■ **Directions**:
Exact copies of the lines from the start of the records through the line with "import ezdxf" are what the answer must hold; pictures are not part of it.

■ **Extracted material**:
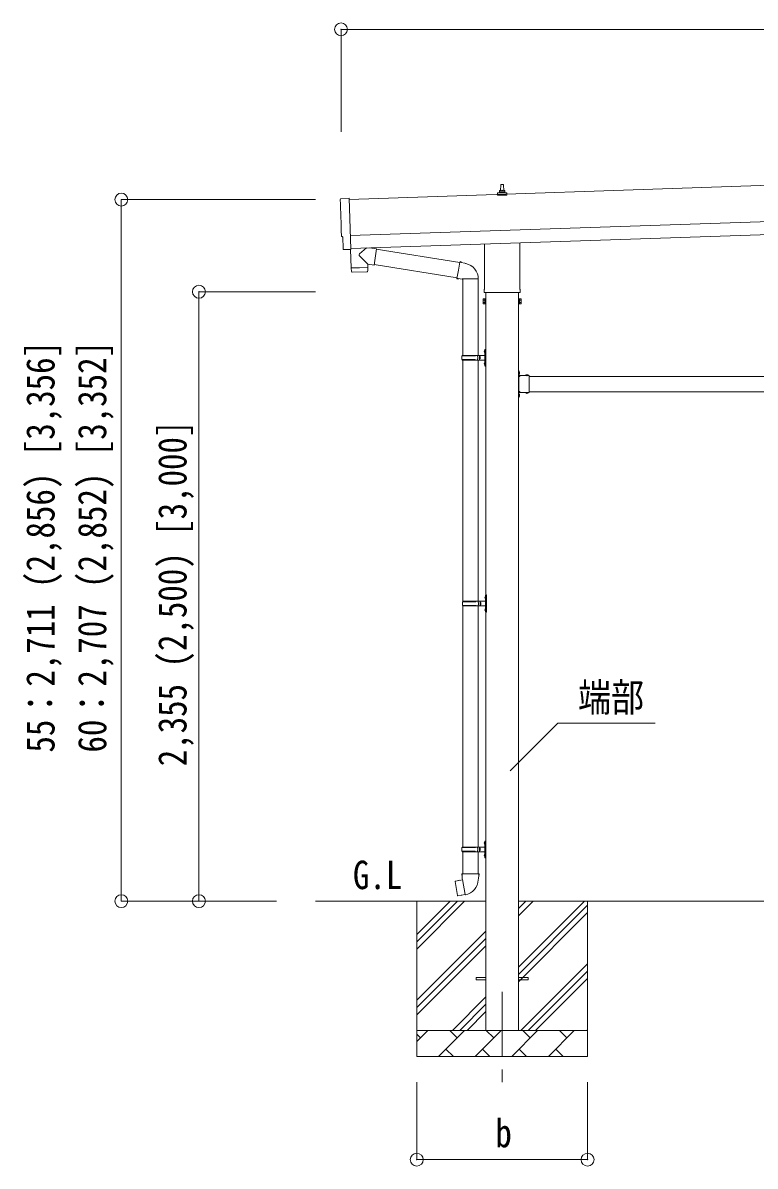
# Model space of a CAD drawing. Units: millimetres at full size, sheet at 1:50; details may follow other scales. Extents: x -14053 to 14053, y -9700 to 9700.
# Drawn here: x 1635 to 4464, y -183 to 4235 of the extents above; entities that cross this region are included whole.
import ezdxf
from ezdxf.enums import TextEntityAlignment as Align

# ---------------------------------------------------------------- set-up
doc = ezdxf.new("R2010")
doc.units = ezdxf.units.MM
doc.header["$LTSCALE"] = 50
doc.header["$PDMODE"] = 32
doc.header["$PDSIZE"] = 50
doc.linetypes.add('CHAIN1', pattern=[8, 5, -1, 1, -1])
doc.linetypes.add('USER7', pattern=[2, 1, -1])
for name, color, linetype, lineweight in [('0-2_建具', 4, 'Continuous', 9), ('0-3_階段', 7, 'CHAIN1', 9), ('0-4_設備', 7, 'Continuous', 9), ('0-7_ハッチ', 7, 'Continuous', 9), ('0-8_外構', 6, 'Continuous', 9), ('0-9_敷地', 7, 'Continuous', 9)]:
    doc.layers.add(name, color=color, linetype=linetype, lineweight=lineweight)
doc.styles.add('ＭＳ ゴシック', font='')
doc.styles.get('ＭＳ ゴシック').set_extended_font_data('MS Gothic')

msp = doc.modelspace()

# ---------------------------------------------------------------- linework, layer by layer
at = {"layer": '0-2_建具'}
for p, q in [((8278.27, 3732.48), (2895.26, 3553.05)), ((2899.93, 3413.12), (8282.94, 3592.56)), ((3469.42, 3578.51), (3476.14, 3580.14)), ((3476.52, 3580.33), (3497.29, 3580.33)), ((3476.91, 3581.11), (3476.91, 3585.33)), ((3477.91, 3585.33), (3495.91, 3585.33)), ((3480.91, 3585.33), (3481.63, 3608.85)), ((3482.63, 3609.83), (3491.18, 3609.83)), ((3492.18, 3608.85), (3492.91, 3585.33)), ((3496.91, 3581.11), (3496.91, 3585.33)), ((3504.39, 3578.51), (3497.67, 3580.14)), ((2901.59, 3363.15), (8284.6, 3542.58)), ((3468.66, 3569.83), (3468.66, 3577.54)), ((3505.16, 3569.83), (3468.66, 3569.83)), ((3469.04, 3578.33), (3504.77, 3578.33)), ((3505.16, 3569.83), (3505.16, 3577.54)), ((2882.1, 3358.73), (2875.17, 3358.86)), ((2901.68, 3360.39), (2901.72, 3359.38)), ((3418.61, 3205.84), (3418.61, 3380.38)), ((3555.21, 3384.94), (3555.21, 3205.84)), ((3416.91, 3197.06), (3416.91, 3202.56)), ((3554.84, 3193.56), (3418.97, 3193.56)), ((3424.41, 3193.56), (3424.41, 341.06)), ((3549.41, 341.06), (3549.41, 3193.56)), ((3556.91, 3202.56), (3556.91, 3197.06)), ((3412.91, 3167.56), (3413.67, 3168.88)), ((3412.91, 3167.56), (3412.91, 3150.56)), ((3412.91, 3150.56), (3413.67, 3149.25)), ((3419.91, 3163.97), (3413.67, 3163.97)), ((3419.91, 3154.16), (3413.67, 3154.16)), ((3419.91, 3149.25), (3413.67, 3149.25)), ((3422.41, 3149.86), (3419.91, 3149.86)), ((3551.41, 3149.86), (3553.91, 3149.86)), ((3553.91, 3163.97), (3560.15, 3163.97)), ((3553.91, 3154.16), (3560.15, 3154.16)), ((3553.91, 3149.25), (3560.15, 3149.25)), ((3560.91, 3167.56), (3560.15, 3168.88)), ((3560.91, 3150.56), (3560.15, 3149.25)), ((3560.91, 3167.56), (3560.91, 3150.56)), ((3551.41, 2892.06), (3549.41, 2892.06)), ((3549.41, 2892.06), (3549.41, 2872.06)), ((3549.41, 2885.06), (3551.41, 2885.06)), ((3549.41, 2879.06), (3551.41, 2879.06)), ((3551.41, 2892.06), (3551.41, 2872.06)), ((3551.92, 2887.96), (3551.41, 2887.96)), ((3551.41, 2887.96), (3551.41, 2876.16)), ((3591.41, 2872.06), (3551.41, 2872.06)), ((3588.31, 2872.06), (3576.51, 2872.06)), ((3588.31, 2872.57), (3588.31, 2872.06)), ((3591.41, 2872.06), (3591.41, 2806.06)), ((3551.41, 2868.06), (3551.41, 2810.06)), ((3591.41, 2869.06), (4782.41, 2869.06)), ((3549.41, 2806.06), (3549.41, 2786.06)), ((3549.41, 2799.06), (3551.41, 2799.06)), ((3549.41, 2793.06), (3551.41, 2793.06)), ((3551.41, 2786.06), (3549.41, 2786.06)), ((3555.41, 2809.06), (3549.91, 2809.06)), ((3551.41, 2808.06), (3555.41, 2808.06)), ((3551.41, 2806.06), (3551.41, 2786.06)), ((3591.41, 2806.06), (3551.41, 2806.06)), ((3551.92, 2801.96), (3551.41, 2801.96)), ((3551.41, 2801.96), (3551.41, 2790.16)), ((3588.31, 2806.06), (3576.51, 2806.06)), ((3588.31, 2805.56), (3588.31, 2806.06)), ((3591.41, 2809.06), (4782.41, 2809.06)), ((3386.91, 545.56), (3424.41, 545.56)), ((3386.91, 536.56), (3386.91, 545.56)), ((3386.91, 536.56), (3424.41, 536.56)), ((3549.41, 545.56), (3586.91, 545.56)), ((3549.41, 536.56), (3586.91, 536.56)), ((3586.91, 536.56), (3586.91, 545.56))]:
    msp.add_line(p, q, dxfattribs=at)
for points in [[(2863.59, 3555.43), (2895.09, 3558.13), (2901.68, 3360.39)], [(2872.23, 3361.76), (2870.66, 3408.76), (2870.06, 3408.74)], [(2882.83, 3359.03), (2883.47, 3359.68), (2901.72, 3359.38)], [(3419.91, 3149.25), (3419.91, 3168.88), (3413.67, 3168.88)], [(3419.91, 3149.86), (3419.91, 3168.26), (3422.41, 3168.26)], [(3553.91, 3149.86), (3553.91, 3168.26), (3551.41, 3168.26)], [(3553.91, 3149.25), (3553.91, 3168.88), (3560.15, 3168.88)], [(3551.92, 2887.96), (3551.92, 2876.16), (3551.41, 2876.16)], [(3588.31, 2872.57), (3576.51, 2872.57), (3576.51, 2872.06)], [(3555.41, 2869.06), (3549.91, 2869.06), (3549.91, 2809.06)], [(3551.41, 2868.06), (3555.41, 2868.06), (3555.41, 2870.06), (3551.41, 2870.06)], [(3551.41, 2810.06), (3555.41, 2810.06), (3555.41, 2808.06)], [(3551.92, 2801.96), (3551.92, 2790.16), (3551.41, 2790.16)], [(3588.31, 2805.56), (3576.51, 2805.56), (3576.51, 2806.06)]]:
    msp.add_lwpolyline(points, dxfattribs=at)
for points in [[(3422.41, 3148.56), (3422.41, 3169.56), (3424.41, 3169.56), (3424.41, 3148.56)], [(3551.41, 3148.56), (3551.41, 3169.56), (3549.41, 3169.56), (3549.41, 3148.56)]]:
    msp.add_lwpolyline(points, close=True, dxfattribs=at)
at = {"layer": '0-2_建具', "linetype": 'USER7'}
for points in [[(3554.02, 2884.56), (3551.24, 2883.21), (3550.63, 2882.06)], [(3554.02, 2879.56), (3551.24, 2880.92), (3550.63, 2882.06)], [(3579.91, 2874.68), (3581.26, 2871.9), (3582.41, 2871.29)], [(3584.91, 2874.68), (3583.55, 2871.9), (3582.41, 2871.29)], [(3554.02, 2798.56), (3551.24, 2797.21), (3550.63, 2796.06)], [(3554.02, 2793.56), (3551.24, 2794.92), (3550.63, 2796.06)], [(3579.91, 2803.45), (3581.26, 2806.23), (3582.41, 2806.84)], [(3584.91, 2803.45), (3583.55, 2806.23), (3582.41, 2806.84)]]:
    msp.add_lwpolyline(points, dxfattribs=at)
at = {"layer": '0-2_建具'}
for centre, radius, start, end in [((3475.91, 3581.11), 1, 283.62699, 0), ((3480.99, 3584.69), 4.13, 90, 171.17633), ((3477.91, 3584.33), 1, 90, 180), ((3482.63, 3608.83), 1, 90, 178.60509), ((3490.24, 3585.33), 4.83, 133.60282, 180), ((3483.57, 3585.33), 4.83, 0, 46.39718), ((3491.18, 3608.83), 1, 1.39491, 90), ((3492.82, 3584.69), 4.13, 8.82367, 90), ((3495.91, 3584.33), 1, 0, 90), ((3497.91, 3581.11), 1, 180, 256.37301), ((3469.66, 3577.54), 1, 103.62699, 180), ((3504.16, 3577.54), 1, 0, 76.37301), ((3420.91, 3202.56), 4, 125.09963, 180), ((3420.91, 3197.06), 4, 180, 194.47751), ((3420.91, 3197.06), 4, 194.47751, 241.04498), ((3552.91, 3197.06), 4, 298.95502, 345.52249), ((3552.91, 3202.56), 4, 0, 54.90037), ((3552.91, 3197.06), 4, 345.52249, 0), ((3417.25, 3166.43), 4.34, 145.61575, 214.38425), ((3429.15, 3159.06), 16.24, 162.41205, 197.58795), ((3417.25, 3151.7), 4.34, 145.61575, 214.38425), ((3556.56, 3166.43), 4.34, 325.61575, 34.38425), ((3544.67, 3159.06), 16.24, 342.41205, 17.58795), ((3556.56, 3151.7), 4.34, 325.61575, 34.38425), ((3551.41, 2872.06), 2, 180, 270), ((3546.17, 2882.06), 8.23, 314.2189, 45.7811), ((3582.41, 2866.83), 8.23, 44.2189, 135.7811), ((3551.41, 2806.06), 2, 90, 180), ((3546.17, 2796.06), 8.23, 314.2189, 45.7811), ((3582.41, 2811.3), 8.23, 224.2189, 315.7811)]:
    msp.add_arc(centre, radius, start, end, dxfattribs=at)
for centre, major_axis, ratio, start_param, end_param in [((2863.85, 3552.44), (-3, -0.1), 0.99863, 4.7647489, 6.2979817), ((-1897.02, 3323.28), (4760.73, 158.69), 0.99863, 6.2686928, 6.2979817), ((2869.92, 3413.14), (-4.4, -0.15), 0.99863, 6.2686928, 7.8539816), ((2875.23, 3361.86), (-2.11, -2.14), 0.9974, 5.5252311, 7.0411395), ((2882.12, 3359.73), (-0.704, -0.714), 0.9974, 0.7579542, 1.5707963)]:
    msp.add_ellipse(centre, major_axis=major_axis, ratio=ratio, start_param=start_param, end_param=end_param, dxfattribs=at)
at = {"layer": '0-3_階段'}
msp.add_line((3486.91, 491.06), (3486.91, 142.06), dxfattribs=at)
at = {"layer": '0-4_設備'}
for p, q in [((3424.41, 841.06), (2765.26, 841.06)), ((3156.91, 841.06), (3156.91, 241.06)), ((3156.91, 656.01), (3341.96, 841.06)), ((3156.91, 684.3), (3313.67, 841.06)), ((3156.91, 712.58), (3285.39, 841.06)), ((4824.41, 841.06), (3549.41, 841.06)), ((3549.41, 585.97), (3804.51, 841.06)), ((3549.41, 783.96), (3606.52, 841.06)), ((3549.41, 812.24), (3578.23, 841.06)), ((3816.91, 841.06), (3816.91, 241.06)), ((3549.41, 557.68), (3816.91, 825.18)), ((3549.41, 529.4), (3816.91, 796.9)), ((3156.91, 458.02), (3424.41, 725.52)), ((3156.91, 429.74), (3424.41, 697.24)), ((3156.91, 401.46), (3424.41, 668.96)), ((3559.06, 341.06), (3816.91, 598.91)), ((3587.35, 341.06), (3816.91, 570.62)), ((3615.63, 341.06), (3816.91, 542.34)), ((3294.51, 341.06), (3424.41, 470.97)), ((3322.79, 341.06), (3424.41, 442.68)), ((3351.07, 341.06), (3424.41, 414.4)), ((3156.91, 341.06), (3816.91, 341.06)), ((3156.91, 298.17), (3199.8, 341.06)), ((3171.25, 312.51), (3156.91, 326.85)), ((3241.22, 241.06), (3341.22, 341.06)), ((3312.67, 312.51), (3284.11, 341.06)), ((3382.64, 241.06), (3482.64, 341.06)), ((3454.09, 312.51), (3425.54, 341.06)), ((3524.06, 241.06), (3624.06, 341.06)), ((3595.51, 312.51), (3566.96, 341.06)), ((3665.49, 241.06), (3765.49, 341.06)), ((3736.93, 312.51), (3708.38, 341.06)), ((3813.62, 341.06), (3816.91, 344.35)), ((3269.77, 269.62), (3298.33, 241.06)), ((3411.2, 269.62), (3439.75, 241.06)), ((3552.62, 269.62), (3581.17, 241.06)), ((3694.04, 269.62), (3722.59, 241.06)), ((3816.91, 241.06), (3156.91, 241.06))]:
    msp.add_line(p, q, dxfattribs=at)
at = {"layer": '0-7_ハッチ', "color": 6}
msp.add_lwpolyline([(4078.2, 1529.03), (3701.45, 1529.03), (3517.28, 1344.85)], dxfattribs=at)
at = {"layer": '0-8_外構'}
for p, q in [((2864.26, 4210.04), (2864.26, 3814.18)), ((2864.26, 4210.04), (8313.93, 4210.04)), ((2015.26, 3552.01), (2765.26, 3552.01)), ((2015.26, 3552.01), (2015.26, 841.06)), ((2315.26, 3196.06), (2765.26, 3196.06)), ((2315.26, 3196.06), (2315.26, 841.06)), ((2015.26, 841.06), (2615.26, 841.06)), ((2315.26, 841.06), (2615.26, 841.06)), ((3156.91, -157.94), (3156.91, 142.06)), ((3816.91, -157.94), (3816.91, 142.06)), ((3156.91, -157.94), (3816.91, -157.94))]:
    msp.add_line(p, q, dxfattribs=at)
for p in [(2864.26, 4210.04), (2015.26, 3552.01), (2315.26, 3196.06), (2015.26, 841.06), (2315.26, 841.06), (3156.91, -157.94), (3816.91, -157.94)]:
    msp.add_point(p, dxfattribs=at)
at = {"layer": '0-9_敷地'}
for p, q in [((2963.01, 3365.2), (2935.79, 3342.16)), ((3000.7, 3361.91), (2974.79, 3365.59)), ((3000.7, 3361.91), (2991.74, 3298.84)), ((3000.44, 3360.07), (3323.04, 3308.71)), ((2967.25, 3302.32), (2935.76, 3334.83)), ((2903.72, 3287.18), (2904.39, 3274.14)), ((2965, 3273.21), (2907.48, 3271.3)), ((2908.19, 3288.33), (2908.24, 3287.33)), ((2963.16, 3290.16), (2963.17, 3289.16)), ((2967.25, 3302.32), (2991.74, 3298.84)), ((2967.25, 3302.32), (2967.65, 3290.31)), ((2992, 3300.67), (3312.62, 3249.62)), ((3312.3, 3247.8), (3317.83, 3279.17)), ((3323.36, 3310.53), (3317.83, 3279.17)), ((3323.36, 3310.53), (3324.5, 3312.51)), ((3324.5, 3312.51), (3328.06, 3311.89)), ((3328.06, 3311.89), (3328.48, 3309.54)), ((3342.99, 3306.72), (3344.68, 3305.09)), ((3344.68, 3305.09), (3346.79, 3304.64)), ((3312.3, 3247.8), (3312.69, 3245.55)), ((3312.3, 3247.8), (3317.45, 3246.98)), ((3312.69, 3245.55), (3316.26, 3244.92)), ((3316.26, 3244.92), (3317.45, 3246.98)), ((3317.45, 3246.98), (3332.05, 3244.67)), ((3332.05, 3244.67), (3334.26, 3245.65)), ((3394.56, 3245.26), (3333.37, 3245.26)), ((3334.41, 3245.26), (3334.41, 2950.06)), ((3394.41, 3245.26), (3394.41, 2950.06)), ((3418.1, 2967.21), (3420.15, 2966.21)), ((3419.37, 2969.21), (3420.01, 2969.21)), ((3419.37, 2969.21), (3419.37, 2960.91)), ((3419.37, 2960.91), (3420.01, 2960.91)), ((3420.01, 2969.21), (3420.01, 2960.91)), ((3420.01, 2969.21), (3420.41, 2968.81)), ((3420.01, 2960.91), (3420.41, 2961.31)), ((3420.15, 2966.21), (3420.76, 2965.06)), ((3420.41, 2973.06), (3423.41, 2974.56)), ((3420.41, 2973.06), (3420.41, 2941.06)), ((3420.41, 2968.81), (3420.41, 2961.31)), ((3423.41, 2974.56), (3423.41, 2941.06)), ((3423.41, 2974.56), (3424.41, 2974.56)), ((3424.41, 2974.56), (3424.41, 2941.06)), ((3331.41, 2948.06), (3381.74, 2948.06)), ((3331.41, 2934.06), (3381.74, 2934.06)), ((3332.41, 2950.06), (3418.41, 2950.06)), ((3332.41, 2950.06), (3332.41, 2948.06)), ((3332.41, 2932.06), (3332.41, 2934.06)), ((3332.41, 2932.06), (3418.41, 2932.06)), ((3334.41, 2932.06), (3334.41, 2000.06)), ((3391.41, 2950.06), (3391.41, 2945.56)), ((3391.41, 2945.56), (3393.41, 2945.56)), ((3391.41, 2932.06), (3391.41, 2936.56)), ((3391.41, 2936.56), (3393.41, 2936.56)), ((3393.41, 2945.56), (3393.41, 2941.06)), ((3393.41, 2936.56), (3393.41, 2941.06)), ((3394.41, 2932.06), (3394.41, 2000.06)), ((3399.41, 2950.06), (3399.41, 2941.06)), ((3399.41, 2945.56), (3402.41, 2945.56)), ((3399.41, 2932.06), (3399.41, 2941.06)), ((3399.41, 2936.56), (3402.41, 2936.56)), ((3402.41, 2945.56), (3402.41, 2941.06)), ((3402.41, 2936.56), (3402.41, 2941.06)), ((3418.1, 2919.21), (3420.15, 2918.21)), ((3419.37, 2921.21), (3420.01, 2921.21)), ((3419.37, 2921.21), (3419.37, 2912.91)), ((3420.01, 2921.21), (3420.01, 2912.91)), ((3420.01, 2921.21), (3420.41, 2920.81)), ((3420.15, 2918.21), (3420.76, 2917.06)), ((3420.41, 2909.06), (3420.41, 2941.06)), ((3420.41, 2920.81), (3420.41, 2913.31)), ((3423.41, 2907.56), (3423.41, 2941.06)), ((3424.41, 2907.56), (3424.41, 2941.06)), ((3419.37, 2912.91), (3420.01, 2912.91)), ((3420.01, 2912.91), (3420.41, 2913.31)), ((3420.41, 2909.06), (3423.41, 2907.56)), ((3423.41, 2907.56), (3424.41, 2907.56)), ((3333.91, 1998.06), (3384.24, 1998.06)), ((3334.91, 2000.06), (3420.91, 2000.06)), ((3334.91, 2000.06), (3334.91, 1998.06)), ((3393.91, 2000.06), (3393.91, 1995.56)), ((3393.91, 1995.56), (3395.91, 1995.56)), ((3395.91, 1995.56), (3395.91, 1991.06)), ((3395.91, 1986.56), (3395.91, 1991.06)), ((3401.91, 2000.06), (3401.91, 1991.06)), ((3401.91, 1995.56), (3404.91, 1995.56)), ((3401.91, 1982.06), (3401.91, 1991.06)), ((3404.91, 1995.56), (3404.91, 1991.06)), ((3404.91, 1986.56), (3404.91, 1991.06)), ((3420.6, 2017.21), (3422.65, 2016.21)), ((3421.87, 2019.21), (3422.51, 2019.21)), ((3421.87, 2019.21), (3421.87, 2010.91)), ((3421.87, 2010.91), (3422.51, 2010.91)), ((3422.51, 2019.21), (3422.51, 2010.91)), ((3422.51, 2019.21), (3422.91, 2018.81)), ((3422.51, 2010.91), (3422.91, 2011.31)), ((3422.65, 2016.21), (3423.26, 2015.06)), ((3422.91, 2023.06), (3425.91, 2024.56)), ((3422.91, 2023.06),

■ **Solution for this task**:
# Model space of a CAD drawing. Units: millimetres at full size, sheet at 1:50; details may follow other scales. Extents: x -14053 to 14053, y -9700 to 9700.
# Drawn here: x 1635 to 4464, y -183 to 4235 of the extents above; entities that cross this region are included whole.
import ezdxf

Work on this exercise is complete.